Data START
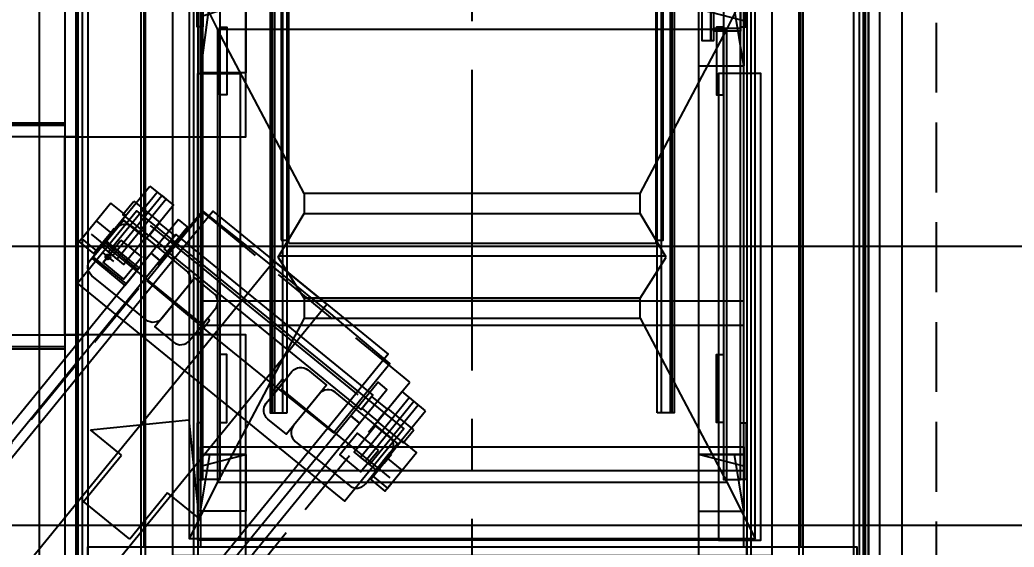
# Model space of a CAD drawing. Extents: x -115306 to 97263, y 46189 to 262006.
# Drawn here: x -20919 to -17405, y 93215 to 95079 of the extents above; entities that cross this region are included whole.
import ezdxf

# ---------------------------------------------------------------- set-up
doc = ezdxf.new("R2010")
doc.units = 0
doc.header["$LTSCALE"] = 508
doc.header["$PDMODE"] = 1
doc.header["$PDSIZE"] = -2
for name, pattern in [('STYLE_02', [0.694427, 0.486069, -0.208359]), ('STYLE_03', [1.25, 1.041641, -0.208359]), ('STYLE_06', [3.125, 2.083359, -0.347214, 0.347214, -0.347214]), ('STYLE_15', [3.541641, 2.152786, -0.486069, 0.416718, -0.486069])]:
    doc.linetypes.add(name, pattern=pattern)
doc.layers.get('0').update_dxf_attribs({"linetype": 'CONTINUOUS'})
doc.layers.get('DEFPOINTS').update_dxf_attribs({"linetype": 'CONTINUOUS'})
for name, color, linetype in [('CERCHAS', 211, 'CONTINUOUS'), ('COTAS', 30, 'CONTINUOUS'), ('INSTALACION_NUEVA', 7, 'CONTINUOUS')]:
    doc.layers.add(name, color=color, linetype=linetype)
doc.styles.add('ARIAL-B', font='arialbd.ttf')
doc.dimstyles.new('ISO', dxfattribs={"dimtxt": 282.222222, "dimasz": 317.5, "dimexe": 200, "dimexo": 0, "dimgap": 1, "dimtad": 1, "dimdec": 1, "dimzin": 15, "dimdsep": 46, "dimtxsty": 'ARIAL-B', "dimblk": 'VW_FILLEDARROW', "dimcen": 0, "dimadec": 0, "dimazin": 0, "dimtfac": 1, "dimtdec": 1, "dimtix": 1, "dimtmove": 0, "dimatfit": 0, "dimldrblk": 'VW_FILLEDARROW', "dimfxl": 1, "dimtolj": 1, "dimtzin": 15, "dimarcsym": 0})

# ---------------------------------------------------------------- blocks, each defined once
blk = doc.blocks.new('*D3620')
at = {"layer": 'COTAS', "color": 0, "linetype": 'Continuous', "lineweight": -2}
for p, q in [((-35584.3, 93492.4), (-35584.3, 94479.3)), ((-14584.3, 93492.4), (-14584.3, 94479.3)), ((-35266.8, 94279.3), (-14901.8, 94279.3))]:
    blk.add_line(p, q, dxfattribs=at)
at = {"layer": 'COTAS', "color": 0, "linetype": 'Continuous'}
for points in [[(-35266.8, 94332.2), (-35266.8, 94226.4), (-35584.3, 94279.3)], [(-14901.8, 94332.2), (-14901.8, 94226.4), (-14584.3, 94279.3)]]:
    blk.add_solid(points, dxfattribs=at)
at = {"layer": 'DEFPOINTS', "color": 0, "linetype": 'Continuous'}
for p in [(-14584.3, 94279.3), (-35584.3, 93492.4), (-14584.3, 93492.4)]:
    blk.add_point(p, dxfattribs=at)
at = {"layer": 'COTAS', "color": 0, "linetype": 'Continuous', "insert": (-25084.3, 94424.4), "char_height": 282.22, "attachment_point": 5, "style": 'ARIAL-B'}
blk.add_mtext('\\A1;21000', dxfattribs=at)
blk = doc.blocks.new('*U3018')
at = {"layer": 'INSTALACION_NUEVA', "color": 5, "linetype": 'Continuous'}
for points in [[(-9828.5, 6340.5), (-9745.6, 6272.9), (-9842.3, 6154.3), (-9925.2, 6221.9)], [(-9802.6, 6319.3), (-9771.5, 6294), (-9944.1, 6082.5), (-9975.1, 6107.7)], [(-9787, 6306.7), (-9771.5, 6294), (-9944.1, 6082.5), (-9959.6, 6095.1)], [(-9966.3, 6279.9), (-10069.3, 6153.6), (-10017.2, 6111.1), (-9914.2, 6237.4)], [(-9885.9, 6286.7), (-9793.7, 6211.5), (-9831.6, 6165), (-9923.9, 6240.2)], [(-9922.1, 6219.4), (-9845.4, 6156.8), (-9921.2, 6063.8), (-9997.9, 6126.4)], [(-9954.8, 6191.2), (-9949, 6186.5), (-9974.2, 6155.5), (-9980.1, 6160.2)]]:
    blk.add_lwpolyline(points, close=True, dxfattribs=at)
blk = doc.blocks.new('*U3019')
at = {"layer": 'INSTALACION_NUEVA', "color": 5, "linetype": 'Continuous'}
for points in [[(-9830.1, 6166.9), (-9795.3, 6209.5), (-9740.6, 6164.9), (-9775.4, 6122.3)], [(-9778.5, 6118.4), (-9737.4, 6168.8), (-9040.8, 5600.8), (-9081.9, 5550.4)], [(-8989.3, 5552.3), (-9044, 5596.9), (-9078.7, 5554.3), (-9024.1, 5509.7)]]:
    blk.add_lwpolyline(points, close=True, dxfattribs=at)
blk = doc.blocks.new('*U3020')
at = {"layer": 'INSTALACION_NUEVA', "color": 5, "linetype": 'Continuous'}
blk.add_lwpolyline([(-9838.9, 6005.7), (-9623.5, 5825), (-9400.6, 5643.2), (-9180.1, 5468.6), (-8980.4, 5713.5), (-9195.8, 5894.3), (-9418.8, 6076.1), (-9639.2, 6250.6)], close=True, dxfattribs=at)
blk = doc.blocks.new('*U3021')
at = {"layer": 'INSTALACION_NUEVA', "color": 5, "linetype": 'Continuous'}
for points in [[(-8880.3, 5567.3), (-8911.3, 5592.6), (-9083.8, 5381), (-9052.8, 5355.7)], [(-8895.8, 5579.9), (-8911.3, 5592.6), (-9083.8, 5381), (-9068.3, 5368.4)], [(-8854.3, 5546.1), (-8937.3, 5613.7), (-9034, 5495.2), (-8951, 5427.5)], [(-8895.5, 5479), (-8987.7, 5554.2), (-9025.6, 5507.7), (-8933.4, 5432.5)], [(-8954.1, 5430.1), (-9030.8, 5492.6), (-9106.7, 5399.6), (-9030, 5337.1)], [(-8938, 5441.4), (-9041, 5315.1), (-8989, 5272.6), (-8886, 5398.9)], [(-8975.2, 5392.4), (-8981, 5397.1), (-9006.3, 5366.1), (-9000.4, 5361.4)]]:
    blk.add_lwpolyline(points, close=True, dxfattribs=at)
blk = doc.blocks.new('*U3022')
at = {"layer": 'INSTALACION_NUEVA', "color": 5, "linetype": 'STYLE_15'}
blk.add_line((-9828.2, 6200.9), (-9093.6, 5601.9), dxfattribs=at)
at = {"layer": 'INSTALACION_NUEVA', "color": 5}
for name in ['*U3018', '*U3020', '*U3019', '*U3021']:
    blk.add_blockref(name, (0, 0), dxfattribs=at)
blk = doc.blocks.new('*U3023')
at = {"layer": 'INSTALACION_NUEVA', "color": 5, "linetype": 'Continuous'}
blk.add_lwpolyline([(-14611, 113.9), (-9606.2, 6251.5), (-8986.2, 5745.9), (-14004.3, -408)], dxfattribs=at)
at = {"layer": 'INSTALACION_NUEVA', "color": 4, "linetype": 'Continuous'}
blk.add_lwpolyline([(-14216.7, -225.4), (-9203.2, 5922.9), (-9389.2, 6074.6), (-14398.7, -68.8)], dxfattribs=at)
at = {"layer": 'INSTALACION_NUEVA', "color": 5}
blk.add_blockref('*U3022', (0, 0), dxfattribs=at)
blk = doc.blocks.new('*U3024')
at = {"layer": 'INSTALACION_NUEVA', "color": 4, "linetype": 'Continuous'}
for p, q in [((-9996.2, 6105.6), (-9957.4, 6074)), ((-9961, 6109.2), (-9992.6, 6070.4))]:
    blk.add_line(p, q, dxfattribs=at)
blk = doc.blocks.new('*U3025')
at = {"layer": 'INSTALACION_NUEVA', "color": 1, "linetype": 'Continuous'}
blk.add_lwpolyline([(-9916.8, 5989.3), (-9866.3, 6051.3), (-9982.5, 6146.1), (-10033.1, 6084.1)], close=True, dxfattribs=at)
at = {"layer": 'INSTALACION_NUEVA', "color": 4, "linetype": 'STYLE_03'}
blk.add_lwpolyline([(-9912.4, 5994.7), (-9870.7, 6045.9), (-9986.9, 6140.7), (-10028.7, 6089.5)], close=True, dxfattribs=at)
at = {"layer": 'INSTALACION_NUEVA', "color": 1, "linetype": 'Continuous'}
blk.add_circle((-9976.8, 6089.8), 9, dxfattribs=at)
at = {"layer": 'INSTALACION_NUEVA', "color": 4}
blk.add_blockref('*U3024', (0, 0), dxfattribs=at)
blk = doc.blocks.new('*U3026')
Data END
> **What is expected**:
If a line in the records holds the string "pattern", copy it.

> **Your solution**:
for name, pattern in [('STYLE_02', [0.694427, 0.486069, -0.208359]), ('STYLE_03', [1.25, 1.041641, -0.208359]), ('STYLE_06', [3.125, 2.083359, -0.347214, 0.347214, -0.347214]), ('STYLE_15', [3.541641, 2.152786, -0.486069, 0.416718, -0.486069])]:
    doc.linetypes.add(name, pattern=pattern)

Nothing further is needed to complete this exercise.